India’s Outsourcing Blues
After eight months in a high-paying business process outsourcing job, 21-year-old Anurag Verma’s life metamorphosed completely. The onetime middle-class, bus-commuting college kid was earning big money, had acquired a flashy new car and a Blackberry and was dreaming of investing in a condominium.
His euphoria was short lived. A vortex of stress, late-night shifts and sleep deprivation whittled down his weight by 10 kilograms in a few months and triggered migraines, dizzy spells and killed his appetite. One day, Verma collapsed at his desk from exhaustion, raising panic among his colleagues.
This is the flip side of an outsourcing revolution that has legions of alarmed office workers terrified of losing their jobs in the west. Verma isn’t an aberration. Far too many of India’s youth are being sucked into a work culture that promises one thing and delivers quite another. Indeed, behind the promise of a good salary (about US$800 per month, India’s average salary for a whole year), outsourcing jobs involve grueling work schedules straddling multifarious time zones and cultures, tight deadlines, ambitious targets, phones that never stop ringing and rude and demanding callers.
Cumulatively, this is spiraling into a burnout phenomenon for many of India’s 7 million-plus outsourcing workers. The industry calls it BOSS — Burn Out Stress Syndrome. According to doctors, BOSS affects a third of call center workers with symptoms that include chronic fatigue, insomnia, alteration of biorhythms, loss of appetite, gastrointestinal problems and others. Physical problems like back pain and shoulder pain are also common and — with excessive exposure to computers, headphones and other such equipment — many ear and eye-related ailments.

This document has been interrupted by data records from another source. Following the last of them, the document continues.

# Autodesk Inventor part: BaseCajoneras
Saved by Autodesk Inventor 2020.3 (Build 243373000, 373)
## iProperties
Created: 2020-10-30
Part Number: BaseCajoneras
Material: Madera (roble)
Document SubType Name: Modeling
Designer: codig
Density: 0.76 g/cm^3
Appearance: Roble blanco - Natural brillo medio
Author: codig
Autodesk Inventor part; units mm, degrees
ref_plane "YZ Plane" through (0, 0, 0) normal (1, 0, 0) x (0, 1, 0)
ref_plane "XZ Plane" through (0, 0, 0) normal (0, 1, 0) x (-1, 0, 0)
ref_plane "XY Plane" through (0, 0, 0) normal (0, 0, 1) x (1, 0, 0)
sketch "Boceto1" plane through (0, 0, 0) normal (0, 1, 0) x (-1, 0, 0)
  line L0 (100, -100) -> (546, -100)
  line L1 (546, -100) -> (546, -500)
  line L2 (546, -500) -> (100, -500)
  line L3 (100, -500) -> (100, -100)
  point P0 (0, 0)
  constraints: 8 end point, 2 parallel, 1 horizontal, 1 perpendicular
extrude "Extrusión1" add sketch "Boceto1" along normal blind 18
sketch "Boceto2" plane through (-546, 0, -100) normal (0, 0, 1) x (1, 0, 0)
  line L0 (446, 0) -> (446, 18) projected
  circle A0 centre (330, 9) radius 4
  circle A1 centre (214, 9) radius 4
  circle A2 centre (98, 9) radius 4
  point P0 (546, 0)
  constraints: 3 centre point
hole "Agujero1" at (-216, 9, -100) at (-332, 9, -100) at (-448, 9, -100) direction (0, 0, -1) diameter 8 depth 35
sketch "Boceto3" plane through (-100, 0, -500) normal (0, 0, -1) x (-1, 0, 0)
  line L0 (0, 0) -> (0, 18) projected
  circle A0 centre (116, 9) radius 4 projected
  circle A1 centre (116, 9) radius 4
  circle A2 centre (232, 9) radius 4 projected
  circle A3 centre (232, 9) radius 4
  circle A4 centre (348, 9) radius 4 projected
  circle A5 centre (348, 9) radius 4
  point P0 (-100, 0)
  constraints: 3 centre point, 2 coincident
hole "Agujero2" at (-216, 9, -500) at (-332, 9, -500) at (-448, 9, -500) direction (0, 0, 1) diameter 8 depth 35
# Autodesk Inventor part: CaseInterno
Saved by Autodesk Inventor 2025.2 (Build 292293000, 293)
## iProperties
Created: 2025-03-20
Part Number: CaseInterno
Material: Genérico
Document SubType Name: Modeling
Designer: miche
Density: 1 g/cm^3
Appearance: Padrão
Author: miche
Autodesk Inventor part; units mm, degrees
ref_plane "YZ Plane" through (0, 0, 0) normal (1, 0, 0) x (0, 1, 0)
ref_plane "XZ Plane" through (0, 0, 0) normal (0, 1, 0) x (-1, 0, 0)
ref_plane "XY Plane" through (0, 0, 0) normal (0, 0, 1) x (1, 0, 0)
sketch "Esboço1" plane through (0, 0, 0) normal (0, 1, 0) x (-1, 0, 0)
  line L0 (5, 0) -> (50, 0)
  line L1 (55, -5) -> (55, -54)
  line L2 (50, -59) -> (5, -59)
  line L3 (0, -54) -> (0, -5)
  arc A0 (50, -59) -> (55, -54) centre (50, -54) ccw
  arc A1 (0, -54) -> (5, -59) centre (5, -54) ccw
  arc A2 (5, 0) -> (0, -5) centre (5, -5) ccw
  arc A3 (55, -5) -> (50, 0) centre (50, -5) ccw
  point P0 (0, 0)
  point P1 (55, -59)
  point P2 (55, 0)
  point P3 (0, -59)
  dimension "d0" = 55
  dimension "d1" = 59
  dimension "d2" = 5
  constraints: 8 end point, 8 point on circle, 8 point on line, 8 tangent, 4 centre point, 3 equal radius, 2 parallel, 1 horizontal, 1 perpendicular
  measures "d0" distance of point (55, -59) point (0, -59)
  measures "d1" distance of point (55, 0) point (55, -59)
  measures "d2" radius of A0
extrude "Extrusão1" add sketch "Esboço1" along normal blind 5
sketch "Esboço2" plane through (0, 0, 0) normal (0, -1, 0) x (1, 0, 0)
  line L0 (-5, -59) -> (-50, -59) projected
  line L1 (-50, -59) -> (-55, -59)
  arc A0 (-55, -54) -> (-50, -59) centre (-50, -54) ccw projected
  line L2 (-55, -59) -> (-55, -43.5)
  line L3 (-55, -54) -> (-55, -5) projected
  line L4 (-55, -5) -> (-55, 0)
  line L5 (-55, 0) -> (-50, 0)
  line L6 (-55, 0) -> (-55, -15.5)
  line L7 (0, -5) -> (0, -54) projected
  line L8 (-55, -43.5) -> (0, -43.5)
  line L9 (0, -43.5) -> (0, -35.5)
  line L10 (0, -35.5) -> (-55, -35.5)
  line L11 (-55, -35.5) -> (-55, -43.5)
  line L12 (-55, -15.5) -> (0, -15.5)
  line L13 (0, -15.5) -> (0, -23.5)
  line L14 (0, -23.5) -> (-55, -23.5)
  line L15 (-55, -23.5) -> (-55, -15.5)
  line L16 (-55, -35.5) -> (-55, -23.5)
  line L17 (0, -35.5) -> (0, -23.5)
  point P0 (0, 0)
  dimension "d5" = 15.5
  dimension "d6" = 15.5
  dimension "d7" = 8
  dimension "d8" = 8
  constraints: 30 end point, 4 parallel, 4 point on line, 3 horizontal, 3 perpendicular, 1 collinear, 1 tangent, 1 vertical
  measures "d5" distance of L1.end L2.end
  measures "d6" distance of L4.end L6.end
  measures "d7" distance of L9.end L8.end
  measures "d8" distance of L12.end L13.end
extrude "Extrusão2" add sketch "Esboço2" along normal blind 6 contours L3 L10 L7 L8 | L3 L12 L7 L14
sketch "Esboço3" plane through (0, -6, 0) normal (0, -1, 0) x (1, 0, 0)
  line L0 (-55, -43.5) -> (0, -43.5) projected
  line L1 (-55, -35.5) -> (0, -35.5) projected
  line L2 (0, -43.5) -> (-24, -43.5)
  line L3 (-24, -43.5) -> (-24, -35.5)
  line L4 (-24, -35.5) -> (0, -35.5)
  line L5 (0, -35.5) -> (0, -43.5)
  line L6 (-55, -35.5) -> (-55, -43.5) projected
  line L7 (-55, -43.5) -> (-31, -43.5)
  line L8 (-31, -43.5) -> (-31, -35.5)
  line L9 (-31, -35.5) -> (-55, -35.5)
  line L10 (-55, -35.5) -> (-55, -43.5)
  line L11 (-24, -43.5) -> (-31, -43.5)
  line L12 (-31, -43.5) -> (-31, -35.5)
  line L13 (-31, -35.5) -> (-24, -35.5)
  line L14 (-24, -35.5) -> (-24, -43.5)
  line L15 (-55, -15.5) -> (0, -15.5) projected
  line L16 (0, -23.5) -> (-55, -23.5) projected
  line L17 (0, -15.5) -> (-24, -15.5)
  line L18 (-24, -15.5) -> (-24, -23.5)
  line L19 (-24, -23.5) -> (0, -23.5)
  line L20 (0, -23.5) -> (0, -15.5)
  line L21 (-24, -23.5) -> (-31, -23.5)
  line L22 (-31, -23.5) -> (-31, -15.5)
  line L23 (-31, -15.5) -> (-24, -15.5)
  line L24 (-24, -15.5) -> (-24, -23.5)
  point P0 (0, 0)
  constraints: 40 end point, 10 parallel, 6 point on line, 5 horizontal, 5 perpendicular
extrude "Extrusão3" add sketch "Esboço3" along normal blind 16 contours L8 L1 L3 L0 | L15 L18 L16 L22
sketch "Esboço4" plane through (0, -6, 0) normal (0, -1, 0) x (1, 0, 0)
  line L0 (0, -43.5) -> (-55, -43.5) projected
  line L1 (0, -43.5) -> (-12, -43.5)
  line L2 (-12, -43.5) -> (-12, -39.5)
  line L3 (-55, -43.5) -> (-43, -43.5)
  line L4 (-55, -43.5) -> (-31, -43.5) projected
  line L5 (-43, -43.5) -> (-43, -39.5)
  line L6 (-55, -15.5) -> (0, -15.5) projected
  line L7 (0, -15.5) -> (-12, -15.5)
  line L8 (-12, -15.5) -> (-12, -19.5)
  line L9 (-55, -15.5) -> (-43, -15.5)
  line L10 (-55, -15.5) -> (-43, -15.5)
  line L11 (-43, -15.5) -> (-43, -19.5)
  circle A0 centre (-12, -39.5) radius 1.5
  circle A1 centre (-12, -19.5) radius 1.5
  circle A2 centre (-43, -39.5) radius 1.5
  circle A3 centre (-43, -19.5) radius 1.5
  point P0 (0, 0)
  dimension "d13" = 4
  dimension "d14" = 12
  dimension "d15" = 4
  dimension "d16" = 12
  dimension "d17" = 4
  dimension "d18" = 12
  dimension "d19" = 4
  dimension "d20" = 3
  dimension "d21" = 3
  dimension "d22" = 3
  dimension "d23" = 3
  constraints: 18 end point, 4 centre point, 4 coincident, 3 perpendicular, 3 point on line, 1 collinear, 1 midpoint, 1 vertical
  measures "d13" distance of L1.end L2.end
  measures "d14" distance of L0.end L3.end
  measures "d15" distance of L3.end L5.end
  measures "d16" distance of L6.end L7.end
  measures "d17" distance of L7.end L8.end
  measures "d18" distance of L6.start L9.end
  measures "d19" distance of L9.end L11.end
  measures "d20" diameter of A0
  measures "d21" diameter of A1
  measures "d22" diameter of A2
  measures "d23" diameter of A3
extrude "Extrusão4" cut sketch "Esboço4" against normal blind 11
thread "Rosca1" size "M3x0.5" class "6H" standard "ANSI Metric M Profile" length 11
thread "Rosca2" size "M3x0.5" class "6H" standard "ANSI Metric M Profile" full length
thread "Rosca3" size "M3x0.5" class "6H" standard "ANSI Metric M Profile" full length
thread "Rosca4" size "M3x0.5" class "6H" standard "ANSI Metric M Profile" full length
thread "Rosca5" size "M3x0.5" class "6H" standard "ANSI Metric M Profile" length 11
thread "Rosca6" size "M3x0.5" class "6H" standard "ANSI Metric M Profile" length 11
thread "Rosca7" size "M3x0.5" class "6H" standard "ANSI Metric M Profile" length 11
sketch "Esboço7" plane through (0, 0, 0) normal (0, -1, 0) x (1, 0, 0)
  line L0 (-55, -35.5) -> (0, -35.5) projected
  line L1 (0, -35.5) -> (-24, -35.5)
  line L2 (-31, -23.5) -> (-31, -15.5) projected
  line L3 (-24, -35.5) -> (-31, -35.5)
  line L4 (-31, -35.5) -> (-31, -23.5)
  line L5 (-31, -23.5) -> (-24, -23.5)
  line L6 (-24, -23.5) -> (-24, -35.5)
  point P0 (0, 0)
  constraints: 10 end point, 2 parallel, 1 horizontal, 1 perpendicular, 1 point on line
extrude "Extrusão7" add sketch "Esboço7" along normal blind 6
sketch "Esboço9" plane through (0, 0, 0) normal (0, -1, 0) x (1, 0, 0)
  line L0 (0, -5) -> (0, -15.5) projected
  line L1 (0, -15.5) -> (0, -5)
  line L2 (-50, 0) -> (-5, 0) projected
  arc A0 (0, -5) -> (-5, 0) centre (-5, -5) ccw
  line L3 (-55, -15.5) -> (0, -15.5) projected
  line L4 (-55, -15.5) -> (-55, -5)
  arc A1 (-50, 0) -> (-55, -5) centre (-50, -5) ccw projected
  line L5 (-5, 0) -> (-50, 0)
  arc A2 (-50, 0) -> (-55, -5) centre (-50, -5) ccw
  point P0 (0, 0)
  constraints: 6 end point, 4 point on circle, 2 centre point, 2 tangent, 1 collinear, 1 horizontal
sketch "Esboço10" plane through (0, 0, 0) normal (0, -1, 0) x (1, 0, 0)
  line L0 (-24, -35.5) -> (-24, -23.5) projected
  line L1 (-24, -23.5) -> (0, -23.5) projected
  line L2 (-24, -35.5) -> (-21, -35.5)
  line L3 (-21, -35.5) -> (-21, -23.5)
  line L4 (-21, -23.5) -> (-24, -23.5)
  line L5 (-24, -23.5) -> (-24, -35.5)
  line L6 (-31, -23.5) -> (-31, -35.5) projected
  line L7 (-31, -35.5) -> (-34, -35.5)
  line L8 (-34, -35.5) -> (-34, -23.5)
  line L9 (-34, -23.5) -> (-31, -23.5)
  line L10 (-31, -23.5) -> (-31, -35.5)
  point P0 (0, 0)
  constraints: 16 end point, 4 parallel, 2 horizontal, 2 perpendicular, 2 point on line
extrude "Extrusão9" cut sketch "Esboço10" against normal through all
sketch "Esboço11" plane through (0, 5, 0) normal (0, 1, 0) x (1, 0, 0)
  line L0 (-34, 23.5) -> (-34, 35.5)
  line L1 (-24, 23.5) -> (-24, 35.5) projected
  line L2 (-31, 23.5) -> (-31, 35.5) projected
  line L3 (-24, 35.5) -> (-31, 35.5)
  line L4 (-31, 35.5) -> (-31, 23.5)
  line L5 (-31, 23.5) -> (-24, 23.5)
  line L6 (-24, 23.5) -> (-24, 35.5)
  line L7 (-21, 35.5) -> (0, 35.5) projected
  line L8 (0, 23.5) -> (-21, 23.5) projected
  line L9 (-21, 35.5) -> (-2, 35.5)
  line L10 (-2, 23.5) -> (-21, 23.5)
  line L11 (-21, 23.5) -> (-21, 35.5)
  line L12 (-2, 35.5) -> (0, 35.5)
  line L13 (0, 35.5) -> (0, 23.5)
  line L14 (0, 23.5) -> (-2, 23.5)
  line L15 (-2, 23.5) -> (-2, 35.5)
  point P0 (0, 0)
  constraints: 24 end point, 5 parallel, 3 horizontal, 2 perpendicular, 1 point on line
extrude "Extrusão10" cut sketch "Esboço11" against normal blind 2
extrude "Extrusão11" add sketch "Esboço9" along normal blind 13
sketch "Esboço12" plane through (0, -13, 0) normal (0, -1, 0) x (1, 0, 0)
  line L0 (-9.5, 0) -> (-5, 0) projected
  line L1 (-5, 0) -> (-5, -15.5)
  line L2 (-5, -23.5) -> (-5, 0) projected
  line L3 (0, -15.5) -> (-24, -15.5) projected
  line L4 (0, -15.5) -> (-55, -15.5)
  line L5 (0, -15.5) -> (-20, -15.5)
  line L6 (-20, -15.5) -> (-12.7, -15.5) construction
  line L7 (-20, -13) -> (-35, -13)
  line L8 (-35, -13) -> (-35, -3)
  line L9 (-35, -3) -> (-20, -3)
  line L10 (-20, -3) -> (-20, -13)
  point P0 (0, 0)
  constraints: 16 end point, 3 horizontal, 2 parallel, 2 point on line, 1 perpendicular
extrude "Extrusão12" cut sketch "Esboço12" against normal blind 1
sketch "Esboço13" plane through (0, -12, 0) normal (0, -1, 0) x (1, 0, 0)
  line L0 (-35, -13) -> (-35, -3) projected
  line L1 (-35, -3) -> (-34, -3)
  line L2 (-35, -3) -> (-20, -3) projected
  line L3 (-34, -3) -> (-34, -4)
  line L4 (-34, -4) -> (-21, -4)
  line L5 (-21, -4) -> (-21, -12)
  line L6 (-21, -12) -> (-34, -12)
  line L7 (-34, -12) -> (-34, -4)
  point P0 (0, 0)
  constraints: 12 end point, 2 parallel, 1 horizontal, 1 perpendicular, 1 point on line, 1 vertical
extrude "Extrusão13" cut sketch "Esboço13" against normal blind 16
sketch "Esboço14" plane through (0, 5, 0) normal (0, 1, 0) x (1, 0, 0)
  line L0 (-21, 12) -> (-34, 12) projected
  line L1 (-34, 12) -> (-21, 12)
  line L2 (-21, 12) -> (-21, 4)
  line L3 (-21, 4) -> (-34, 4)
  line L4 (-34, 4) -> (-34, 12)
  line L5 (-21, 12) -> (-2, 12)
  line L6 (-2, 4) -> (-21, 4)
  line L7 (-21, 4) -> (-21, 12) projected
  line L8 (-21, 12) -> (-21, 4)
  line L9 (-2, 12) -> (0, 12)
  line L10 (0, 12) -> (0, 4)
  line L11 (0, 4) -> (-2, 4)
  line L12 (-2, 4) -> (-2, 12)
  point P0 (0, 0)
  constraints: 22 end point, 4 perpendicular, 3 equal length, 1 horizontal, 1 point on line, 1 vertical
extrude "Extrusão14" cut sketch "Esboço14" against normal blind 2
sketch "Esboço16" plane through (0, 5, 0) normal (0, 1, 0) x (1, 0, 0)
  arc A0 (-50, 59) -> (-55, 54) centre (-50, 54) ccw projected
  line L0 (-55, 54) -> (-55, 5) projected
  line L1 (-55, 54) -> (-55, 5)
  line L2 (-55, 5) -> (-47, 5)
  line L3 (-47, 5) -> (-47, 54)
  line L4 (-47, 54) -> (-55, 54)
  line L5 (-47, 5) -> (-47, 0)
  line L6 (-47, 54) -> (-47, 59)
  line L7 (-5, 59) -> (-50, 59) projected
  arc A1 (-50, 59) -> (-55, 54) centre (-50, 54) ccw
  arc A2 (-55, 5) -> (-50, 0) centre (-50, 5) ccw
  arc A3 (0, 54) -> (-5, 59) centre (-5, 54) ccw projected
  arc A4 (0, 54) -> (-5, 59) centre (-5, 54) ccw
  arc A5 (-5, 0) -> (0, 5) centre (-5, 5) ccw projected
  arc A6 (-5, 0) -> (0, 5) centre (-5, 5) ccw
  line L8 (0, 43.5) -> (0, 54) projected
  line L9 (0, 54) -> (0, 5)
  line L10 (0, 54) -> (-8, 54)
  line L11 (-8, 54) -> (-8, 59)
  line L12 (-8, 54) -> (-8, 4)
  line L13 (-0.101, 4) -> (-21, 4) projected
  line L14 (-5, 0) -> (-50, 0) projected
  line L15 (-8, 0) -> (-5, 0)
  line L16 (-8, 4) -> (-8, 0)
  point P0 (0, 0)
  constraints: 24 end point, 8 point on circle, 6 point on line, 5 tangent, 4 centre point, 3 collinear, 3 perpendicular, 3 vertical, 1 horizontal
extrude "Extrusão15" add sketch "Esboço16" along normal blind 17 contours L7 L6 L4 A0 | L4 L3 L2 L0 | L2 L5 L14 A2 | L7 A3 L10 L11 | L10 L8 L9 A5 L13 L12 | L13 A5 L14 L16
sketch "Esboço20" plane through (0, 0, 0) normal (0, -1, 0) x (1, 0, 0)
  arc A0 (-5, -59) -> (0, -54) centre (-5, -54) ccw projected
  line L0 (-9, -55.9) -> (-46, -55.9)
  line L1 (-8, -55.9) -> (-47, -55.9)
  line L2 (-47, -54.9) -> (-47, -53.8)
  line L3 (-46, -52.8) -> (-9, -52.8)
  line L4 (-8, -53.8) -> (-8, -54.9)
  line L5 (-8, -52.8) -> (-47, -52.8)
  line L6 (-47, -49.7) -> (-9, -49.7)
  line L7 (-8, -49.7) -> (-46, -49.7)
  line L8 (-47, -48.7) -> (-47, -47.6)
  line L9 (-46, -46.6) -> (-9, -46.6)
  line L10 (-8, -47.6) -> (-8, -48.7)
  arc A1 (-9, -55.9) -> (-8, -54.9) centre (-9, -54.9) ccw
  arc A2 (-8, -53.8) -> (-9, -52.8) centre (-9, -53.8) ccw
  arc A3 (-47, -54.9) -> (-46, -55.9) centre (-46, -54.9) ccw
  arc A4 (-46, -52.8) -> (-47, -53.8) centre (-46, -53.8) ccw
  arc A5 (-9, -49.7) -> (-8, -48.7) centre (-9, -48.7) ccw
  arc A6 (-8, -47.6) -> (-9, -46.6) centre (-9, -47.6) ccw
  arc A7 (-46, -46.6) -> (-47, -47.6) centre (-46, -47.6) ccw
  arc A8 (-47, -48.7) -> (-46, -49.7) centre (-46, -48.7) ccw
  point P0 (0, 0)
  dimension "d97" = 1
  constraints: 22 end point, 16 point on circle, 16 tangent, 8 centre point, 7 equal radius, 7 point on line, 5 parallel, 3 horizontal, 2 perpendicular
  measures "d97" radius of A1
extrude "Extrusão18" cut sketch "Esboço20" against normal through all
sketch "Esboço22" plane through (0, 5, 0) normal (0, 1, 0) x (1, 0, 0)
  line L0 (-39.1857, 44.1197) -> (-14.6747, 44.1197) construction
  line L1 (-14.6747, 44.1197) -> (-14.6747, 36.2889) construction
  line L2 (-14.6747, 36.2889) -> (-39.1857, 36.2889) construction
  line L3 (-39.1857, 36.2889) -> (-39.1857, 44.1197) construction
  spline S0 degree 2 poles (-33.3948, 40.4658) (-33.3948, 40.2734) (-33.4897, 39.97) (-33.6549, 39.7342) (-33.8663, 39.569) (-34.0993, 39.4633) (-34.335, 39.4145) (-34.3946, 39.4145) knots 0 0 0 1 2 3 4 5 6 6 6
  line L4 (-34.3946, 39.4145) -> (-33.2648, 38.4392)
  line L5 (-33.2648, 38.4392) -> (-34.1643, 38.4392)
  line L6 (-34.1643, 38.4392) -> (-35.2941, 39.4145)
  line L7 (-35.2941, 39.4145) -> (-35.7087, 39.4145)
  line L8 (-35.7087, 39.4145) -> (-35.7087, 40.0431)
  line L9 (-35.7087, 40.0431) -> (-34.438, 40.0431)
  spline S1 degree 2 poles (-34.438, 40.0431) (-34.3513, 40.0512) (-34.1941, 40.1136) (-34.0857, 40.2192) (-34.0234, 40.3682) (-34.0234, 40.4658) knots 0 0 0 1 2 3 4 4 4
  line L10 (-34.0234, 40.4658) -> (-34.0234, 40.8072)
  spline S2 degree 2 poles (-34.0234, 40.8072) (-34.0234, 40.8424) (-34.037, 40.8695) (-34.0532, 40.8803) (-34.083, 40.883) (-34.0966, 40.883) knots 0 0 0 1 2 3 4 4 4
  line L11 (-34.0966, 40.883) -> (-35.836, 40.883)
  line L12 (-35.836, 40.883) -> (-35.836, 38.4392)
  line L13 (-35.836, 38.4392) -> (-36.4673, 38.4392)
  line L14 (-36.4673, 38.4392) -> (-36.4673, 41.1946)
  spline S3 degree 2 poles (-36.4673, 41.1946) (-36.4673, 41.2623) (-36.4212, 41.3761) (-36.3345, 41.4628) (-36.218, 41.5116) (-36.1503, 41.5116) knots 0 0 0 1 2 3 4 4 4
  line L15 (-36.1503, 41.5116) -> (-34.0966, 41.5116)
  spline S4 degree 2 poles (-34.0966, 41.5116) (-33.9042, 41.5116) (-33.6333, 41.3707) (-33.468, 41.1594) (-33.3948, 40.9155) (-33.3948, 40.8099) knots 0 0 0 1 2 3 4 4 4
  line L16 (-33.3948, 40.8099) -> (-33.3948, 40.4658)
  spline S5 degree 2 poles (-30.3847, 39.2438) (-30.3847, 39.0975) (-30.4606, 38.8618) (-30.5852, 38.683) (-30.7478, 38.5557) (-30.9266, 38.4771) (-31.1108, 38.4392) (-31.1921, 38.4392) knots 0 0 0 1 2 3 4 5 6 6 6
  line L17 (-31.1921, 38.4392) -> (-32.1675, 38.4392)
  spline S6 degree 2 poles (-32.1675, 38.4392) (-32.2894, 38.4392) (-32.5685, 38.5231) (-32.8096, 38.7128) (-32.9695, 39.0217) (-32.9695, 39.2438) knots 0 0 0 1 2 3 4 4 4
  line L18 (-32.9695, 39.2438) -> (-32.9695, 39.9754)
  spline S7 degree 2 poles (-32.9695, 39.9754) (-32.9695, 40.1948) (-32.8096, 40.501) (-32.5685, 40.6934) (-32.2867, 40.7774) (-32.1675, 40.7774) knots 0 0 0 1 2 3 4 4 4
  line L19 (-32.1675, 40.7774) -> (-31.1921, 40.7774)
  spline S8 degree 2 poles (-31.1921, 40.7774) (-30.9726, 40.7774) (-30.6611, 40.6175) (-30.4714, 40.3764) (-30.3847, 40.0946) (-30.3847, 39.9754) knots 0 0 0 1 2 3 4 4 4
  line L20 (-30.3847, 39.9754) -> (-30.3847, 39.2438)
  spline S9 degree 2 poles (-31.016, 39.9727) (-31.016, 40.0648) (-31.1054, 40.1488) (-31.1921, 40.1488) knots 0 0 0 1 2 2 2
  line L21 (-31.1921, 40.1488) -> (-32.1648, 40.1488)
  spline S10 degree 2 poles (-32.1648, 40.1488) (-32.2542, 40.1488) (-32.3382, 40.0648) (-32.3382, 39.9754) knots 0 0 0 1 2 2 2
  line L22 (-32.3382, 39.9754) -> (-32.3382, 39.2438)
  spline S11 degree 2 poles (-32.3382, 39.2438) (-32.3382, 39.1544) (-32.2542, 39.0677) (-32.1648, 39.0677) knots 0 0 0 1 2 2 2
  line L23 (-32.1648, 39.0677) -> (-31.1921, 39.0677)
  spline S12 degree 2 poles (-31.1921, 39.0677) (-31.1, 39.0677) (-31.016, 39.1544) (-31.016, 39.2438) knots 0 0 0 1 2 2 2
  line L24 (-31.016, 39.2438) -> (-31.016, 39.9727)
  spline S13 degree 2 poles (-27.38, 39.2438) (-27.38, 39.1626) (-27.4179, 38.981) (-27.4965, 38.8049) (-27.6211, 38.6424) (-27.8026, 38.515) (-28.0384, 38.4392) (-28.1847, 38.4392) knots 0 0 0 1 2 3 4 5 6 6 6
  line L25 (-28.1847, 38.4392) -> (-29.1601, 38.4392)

This was a scenario just waiting to unfurl. Over the past few years, India has been the epicenter of outsourcing as multinationals across the world farm out services and back-office operations in sectors including travel, education, hospitality, audit and accounts to India’s plentiful, highly skilled, English-speaking and cheap workforce.
That has resulted in impressive industry growth, rising by 40 percent this fiscal year alone to achieve US$8.5 billion turnover against $6.3 billion in fiscal year 2005-06. According to a recent NASSCOM-Everest survey, India’s outsourcing sector will earn $11 billion in export revenues next year and is poised to be a $50 billion-enterprise by 2012.